§ WORK INSTRUCTIONS
Extract only the lines from the start of the entries below to the line with "layer by layer", inclusive; omit every picture.

§ EXERCISE MATERIALS

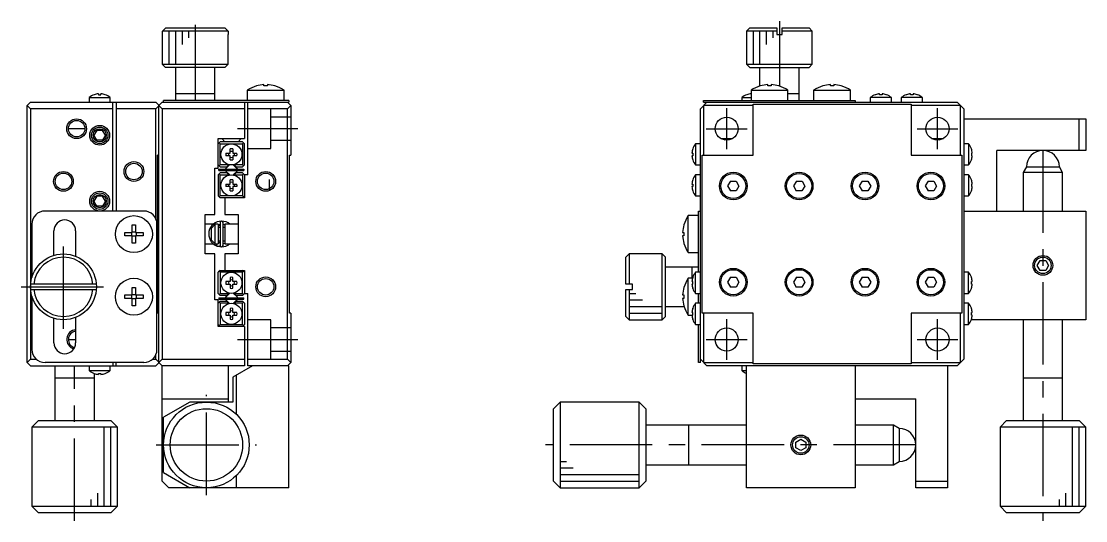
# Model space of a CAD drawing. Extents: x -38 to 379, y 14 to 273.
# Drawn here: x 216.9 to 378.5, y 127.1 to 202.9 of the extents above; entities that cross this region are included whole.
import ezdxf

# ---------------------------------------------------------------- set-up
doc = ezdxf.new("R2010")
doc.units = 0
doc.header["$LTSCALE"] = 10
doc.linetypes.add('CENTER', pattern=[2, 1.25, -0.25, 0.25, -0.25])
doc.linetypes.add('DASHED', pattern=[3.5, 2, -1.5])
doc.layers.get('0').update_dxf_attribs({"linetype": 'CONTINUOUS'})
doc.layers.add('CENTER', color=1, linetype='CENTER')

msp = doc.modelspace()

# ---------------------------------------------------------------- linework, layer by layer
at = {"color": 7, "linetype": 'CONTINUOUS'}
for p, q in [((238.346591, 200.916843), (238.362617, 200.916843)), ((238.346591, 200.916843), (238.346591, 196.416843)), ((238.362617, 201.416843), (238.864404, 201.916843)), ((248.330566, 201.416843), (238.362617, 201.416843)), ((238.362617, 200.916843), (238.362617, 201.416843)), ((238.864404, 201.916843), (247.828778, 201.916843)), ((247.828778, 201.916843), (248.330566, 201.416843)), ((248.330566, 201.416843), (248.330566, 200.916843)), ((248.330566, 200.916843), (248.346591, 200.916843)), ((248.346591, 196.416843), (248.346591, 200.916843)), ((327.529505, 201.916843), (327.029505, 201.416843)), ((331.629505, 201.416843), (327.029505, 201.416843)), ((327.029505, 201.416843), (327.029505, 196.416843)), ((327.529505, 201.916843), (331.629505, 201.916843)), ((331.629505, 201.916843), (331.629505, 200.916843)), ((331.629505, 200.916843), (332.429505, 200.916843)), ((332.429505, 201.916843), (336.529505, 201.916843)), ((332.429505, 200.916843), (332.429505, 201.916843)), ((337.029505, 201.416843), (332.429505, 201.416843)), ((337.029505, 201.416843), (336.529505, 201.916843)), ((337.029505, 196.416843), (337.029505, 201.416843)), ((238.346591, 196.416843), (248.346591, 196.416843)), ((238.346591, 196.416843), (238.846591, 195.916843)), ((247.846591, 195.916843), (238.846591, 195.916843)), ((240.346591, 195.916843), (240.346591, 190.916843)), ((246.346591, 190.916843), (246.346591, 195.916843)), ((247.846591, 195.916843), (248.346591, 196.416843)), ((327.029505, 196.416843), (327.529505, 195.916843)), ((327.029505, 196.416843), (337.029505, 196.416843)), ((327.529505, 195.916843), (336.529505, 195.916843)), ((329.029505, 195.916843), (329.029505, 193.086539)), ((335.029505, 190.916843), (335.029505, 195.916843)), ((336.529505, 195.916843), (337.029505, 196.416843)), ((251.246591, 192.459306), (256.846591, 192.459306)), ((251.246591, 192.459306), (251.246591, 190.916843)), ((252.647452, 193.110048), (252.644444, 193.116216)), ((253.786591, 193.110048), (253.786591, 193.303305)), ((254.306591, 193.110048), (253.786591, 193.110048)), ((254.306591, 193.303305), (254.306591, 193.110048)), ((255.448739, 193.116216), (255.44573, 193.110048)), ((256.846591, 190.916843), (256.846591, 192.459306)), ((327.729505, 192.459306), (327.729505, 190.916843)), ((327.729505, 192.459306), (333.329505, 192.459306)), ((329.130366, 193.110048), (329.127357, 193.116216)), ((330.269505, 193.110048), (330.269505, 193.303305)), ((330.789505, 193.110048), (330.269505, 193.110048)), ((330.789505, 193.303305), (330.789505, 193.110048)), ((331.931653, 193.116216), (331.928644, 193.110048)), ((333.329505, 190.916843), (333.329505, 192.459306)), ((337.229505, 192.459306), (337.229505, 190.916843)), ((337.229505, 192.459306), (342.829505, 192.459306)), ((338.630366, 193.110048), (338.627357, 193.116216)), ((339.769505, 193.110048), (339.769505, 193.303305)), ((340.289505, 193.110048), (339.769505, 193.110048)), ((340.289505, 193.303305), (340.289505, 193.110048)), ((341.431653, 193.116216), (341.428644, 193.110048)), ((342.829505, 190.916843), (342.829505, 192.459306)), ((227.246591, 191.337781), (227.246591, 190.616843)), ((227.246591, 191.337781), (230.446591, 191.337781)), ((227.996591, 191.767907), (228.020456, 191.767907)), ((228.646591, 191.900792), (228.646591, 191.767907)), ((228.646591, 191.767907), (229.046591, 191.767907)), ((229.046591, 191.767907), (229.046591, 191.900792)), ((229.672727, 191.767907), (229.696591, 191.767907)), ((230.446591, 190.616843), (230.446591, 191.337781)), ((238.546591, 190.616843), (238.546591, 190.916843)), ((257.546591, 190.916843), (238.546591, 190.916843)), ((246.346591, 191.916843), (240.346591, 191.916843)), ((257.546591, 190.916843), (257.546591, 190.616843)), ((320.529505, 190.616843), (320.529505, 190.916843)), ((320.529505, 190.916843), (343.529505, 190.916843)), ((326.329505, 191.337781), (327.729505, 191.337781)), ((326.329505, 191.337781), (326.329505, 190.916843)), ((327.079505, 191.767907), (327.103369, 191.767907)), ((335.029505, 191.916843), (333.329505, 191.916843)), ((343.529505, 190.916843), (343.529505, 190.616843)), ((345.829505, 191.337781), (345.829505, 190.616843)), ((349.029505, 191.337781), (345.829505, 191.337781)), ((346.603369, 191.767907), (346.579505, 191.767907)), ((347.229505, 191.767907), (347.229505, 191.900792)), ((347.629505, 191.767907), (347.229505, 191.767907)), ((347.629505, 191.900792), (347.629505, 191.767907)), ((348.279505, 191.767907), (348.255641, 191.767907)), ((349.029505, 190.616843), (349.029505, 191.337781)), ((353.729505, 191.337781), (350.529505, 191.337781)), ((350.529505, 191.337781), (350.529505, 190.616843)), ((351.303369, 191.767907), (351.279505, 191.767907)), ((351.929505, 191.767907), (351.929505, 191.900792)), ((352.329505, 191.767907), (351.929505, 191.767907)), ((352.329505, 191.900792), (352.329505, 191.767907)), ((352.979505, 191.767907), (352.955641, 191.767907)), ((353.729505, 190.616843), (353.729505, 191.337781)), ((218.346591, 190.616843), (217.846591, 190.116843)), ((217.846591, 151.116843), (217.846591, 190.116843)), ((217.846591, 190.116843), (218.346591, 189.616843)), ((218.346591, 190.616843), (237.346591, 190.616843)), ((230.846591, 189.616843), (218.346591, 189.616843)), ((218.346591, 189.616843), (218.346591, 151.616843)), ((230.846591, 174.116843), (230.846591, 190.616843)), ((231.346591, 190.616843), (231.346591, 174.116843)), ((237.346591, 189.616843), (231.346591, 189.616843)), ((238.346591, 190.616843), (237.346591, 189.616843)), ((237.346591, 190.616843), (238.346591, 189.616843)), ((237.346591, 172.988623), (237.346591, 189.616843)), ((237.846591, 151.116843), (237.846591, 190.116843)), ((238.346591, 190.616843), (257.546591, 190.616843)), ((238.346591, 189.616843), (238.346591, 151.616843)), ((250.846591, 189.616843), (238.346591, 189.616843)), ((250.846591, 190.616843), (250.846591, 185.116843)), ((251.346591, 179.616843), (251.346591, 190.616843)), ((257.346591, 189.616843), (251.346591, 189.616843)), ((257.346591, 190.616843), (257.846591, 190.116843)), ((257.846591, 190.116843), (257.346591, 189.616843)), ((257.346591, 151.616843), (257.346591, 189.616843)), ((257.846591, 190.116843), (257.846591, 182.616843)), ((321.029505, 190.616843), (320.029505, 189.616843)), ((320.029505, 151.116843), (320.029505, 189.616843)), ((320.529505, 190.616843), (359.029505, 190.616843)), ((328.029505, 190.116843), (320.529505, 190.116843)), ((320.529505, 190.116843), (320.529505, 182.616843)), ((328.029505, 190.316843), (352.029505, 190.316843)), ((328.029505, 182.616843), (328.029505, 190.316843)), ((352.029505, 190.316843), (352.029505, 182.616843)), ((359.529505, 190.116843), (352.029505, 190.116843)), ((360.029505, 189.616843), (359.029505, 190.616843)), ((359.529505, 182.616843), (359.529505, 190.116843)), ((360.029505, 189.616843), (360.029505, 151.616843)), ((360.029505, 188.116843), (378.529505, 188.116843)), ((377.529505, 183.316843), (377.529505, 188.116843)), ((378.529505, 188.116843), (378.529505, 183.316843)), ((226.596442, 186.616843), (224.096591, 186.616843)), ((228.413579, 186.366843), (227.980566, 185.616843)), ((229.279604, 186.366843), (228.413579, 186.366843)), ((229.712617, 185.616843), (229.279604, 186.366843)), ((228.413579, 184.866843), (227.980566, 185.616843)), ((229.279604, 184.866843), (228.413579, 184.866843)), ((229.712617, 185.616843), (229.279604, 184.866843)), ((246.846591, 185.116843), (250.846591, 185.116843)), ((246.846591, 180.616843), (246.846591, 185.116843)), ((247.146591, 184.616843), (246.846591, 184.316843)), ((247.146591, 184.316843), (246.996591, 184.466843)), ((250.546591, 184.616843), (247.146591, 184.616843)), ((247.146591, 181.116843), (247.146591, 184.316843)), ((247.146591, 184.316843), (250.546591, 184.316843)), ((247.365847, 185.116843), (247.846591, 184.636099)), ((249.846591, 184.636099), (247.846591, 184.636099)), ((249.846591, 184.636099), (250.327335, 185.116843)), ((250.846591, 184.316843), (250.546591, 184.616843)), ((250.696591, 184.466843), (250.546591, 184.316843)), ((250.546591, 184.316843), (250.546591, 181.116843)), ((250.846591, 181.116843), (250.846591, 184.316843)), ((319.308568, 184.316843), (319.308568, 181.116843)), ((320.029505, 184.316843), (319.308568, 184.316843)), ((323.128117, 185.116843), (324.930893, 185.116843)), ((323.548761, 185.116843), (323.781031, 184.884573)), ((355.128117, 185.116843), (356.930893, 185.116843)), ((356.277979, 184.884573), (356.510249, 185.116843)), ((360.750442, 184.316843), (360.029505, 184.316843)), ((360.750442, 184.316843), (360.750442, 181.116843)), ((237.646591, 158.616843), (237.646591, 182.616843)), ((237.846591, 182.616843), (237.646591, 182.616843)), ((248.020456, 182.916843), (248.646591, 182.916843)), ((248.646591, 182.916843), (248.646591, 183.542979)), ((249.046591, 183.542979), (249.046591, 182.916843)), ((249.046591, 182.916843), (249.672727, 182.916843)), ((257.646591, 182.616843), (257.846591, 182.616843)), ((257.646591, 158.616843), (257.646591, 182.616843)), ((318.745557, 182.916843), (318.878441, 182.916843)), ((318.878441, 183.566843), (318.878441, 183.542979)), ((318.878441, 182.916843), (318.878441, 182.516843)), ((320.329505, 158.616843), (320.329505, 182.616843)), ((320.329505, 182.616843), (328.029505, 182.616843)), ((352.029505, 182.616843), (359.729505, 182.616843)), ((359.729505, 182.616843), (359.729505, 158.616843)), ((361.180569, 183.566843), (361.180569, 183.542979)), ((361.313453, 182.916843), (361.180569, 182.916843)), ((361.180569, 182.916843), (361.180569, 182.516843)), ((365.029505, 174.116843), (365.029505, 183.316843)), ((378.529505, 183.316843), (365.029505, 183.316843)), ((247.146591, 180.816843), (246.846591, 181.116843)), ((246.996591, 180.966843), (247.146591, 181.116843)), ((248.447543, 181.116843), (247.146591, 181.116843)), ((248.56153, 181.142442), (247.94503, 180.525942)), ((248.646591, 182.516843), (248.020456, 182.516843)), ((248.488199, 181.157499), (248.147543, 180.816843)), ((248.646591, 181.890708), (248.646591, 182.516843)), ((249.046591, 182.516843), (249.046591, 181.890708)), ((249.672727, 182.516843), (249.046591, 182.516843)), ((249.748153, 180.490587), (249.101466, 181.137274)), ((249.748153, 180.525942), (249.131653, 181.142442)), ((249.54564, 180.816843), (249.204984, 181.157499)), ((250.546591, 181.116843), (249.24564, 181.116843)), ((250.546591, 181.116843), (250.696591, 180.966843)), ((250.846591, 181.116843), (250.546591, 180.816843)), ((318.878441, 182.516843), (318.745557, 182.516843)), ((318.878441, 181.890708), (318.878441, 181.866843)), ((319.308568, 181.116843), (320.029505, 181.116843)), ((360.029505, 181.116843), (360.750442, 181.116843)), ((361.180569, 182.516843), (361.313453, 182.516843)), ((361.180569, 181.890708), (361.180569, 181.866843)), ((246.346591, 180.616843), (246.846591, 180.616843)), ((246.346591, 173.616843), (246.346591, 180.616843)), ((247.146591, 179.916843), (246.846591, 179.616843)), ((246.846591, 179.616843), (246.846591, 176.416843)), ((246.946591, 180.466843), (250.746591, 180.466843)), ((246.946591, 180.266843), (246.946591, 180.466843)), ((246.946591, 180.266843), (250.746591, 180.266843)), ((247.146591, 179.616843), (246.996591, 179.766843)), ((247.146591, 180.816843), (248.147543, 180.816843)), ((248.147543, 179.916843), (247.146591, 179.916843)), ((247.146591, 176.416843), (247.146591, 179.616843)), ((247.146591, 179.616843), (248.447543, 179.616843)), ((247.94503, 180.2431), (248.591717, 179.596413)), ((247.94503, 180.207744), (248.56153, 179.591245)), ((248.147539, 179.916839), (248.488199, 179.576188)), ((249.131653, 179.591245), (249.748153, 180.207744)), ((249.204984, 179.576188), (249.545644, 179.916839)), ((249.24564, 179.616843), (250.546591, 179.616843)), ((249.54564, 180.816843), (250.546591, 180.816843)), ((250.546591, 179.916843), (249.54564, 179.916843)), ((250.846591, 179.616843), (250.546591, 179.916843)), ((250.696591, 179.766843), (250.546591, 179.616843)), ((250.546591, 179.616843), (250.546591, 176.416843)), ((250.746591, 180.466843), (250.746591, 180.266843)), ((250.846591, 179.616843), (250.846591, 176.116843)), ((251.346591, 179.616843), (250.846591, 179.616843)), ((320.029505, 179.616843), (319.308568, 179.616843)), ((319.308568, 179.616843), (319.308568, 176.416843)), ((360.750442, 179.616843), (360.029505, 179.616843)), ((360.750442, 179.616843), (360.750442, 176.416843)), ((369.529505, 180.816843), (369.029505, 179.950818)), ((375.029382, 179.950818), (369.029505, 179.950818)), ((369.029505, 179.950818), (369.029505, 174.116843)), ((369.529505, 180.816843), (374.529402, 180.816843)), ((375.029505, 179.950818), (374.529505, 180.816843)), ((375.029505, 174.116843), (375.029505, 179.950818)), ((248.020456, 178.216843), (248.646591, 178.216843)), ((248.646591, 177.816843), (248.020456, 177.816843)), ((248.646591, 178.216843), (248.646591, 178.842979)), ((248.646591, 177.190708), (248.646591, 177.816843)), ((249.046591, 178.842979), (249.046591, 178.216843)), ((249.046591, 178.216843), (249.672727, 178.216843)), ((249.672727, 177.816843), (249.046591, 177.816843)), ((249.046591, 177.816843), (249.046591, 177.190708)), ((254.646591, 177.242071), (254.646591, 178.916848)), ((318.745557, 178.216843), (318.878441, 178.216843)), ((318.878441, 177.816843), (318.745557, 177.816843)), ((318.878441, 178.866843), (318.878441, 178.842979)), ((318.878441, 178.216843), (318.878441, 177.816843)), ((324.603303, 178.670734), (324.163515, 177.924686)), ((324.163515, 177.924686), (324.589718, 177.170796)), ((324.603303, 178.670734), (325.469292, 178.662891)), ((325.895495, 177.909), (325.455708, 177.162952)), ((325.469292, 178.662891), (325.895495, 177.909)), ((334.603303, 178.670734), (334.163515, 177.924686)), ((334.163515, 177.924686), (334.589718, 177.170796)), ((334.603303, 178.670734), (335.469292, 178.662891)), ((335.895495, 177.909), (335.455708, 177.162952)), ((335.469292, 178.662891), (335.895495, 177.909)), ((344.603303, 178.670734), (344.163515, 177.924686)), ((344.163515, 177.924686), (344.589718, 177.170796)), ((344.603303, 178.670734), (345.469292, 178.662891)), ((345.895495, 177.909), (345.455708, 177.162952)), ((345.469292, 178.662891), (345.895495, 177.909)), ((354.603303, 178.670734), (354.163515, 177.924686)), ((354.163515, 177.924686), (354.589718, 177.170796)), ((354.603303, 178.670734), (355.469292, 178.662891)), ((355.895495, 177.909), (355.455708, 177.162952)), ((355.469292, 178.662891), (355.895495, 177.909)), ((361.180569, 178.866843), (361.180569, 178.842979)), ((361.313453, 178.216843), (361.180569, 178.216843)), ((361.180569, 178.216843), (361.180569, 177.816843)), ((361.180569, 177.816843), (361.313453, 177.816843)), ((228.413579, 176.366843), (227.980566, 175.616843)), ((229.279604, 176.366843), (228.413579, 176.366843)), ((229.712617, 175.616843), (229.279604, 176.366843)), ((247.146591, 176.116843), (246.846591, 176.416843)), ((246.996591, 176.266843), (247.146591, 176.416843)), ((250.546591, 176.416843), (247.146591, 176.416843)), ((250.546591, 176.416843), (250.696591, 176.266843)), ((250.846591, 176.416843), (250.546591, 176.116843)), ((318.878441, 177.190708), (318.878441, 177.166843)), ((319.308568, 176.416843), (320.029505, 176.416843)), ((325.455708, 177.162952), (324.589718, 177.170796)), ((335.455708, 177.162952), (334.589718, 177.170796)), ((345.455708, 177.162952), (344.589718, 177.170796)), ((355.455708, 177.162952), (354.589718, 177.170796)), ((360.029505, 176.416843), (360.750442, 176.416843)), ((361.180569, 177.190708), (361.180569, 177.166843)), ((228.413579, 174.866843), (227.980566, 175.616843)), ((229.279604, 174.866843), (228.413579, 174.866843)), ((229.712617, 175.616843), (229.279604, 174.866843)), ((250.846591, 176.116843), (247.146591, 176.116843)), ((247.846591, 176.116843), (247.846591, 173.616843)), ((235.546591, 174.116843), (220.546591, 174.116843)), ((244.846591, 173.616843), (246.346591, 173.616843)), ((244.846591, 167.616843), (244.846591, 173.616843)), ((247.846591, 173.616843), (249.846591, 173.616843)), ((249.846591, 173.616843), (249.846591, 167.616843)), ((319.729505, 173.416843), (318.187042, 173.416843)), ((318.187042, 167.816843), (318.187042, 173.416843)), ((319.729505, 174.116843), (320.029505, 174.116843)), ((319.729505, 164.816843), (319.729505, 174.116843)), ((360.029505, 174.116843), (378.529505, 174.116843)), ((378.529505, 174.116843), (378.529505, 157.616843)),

§ EXERCISE OUTPUT
# Model space of a CAD drawing. Extents: x -38 to 379, y 14 to 273.
# Drawn here: x 216.9 to 378.5, y 127.1 to 202.9 of the extents above; entities that cross this region are included whole.
import ezdxf

# ---------------------------------------------------------------- set-up
doc = ezdxf.new("R2010")
doc.units = 0
doc.header["$LTSCALE"] = 10
doc.linetypes.add('CENTER', pattern=[2, 1.25, -0.25, 0.25, -0.25])
doc.linetypes.add('DASHED', pattern=[3.5, 2, -1.5])
doc.layers.get('0').update_dxf_attribs({"linetype": 'CONTINUOUS'})
doc.layers.add('CENTER', color=1, linetype='CENTER')

msp = doc.modelspace()

# ---------------------------------------------------------------- linework, layer by layer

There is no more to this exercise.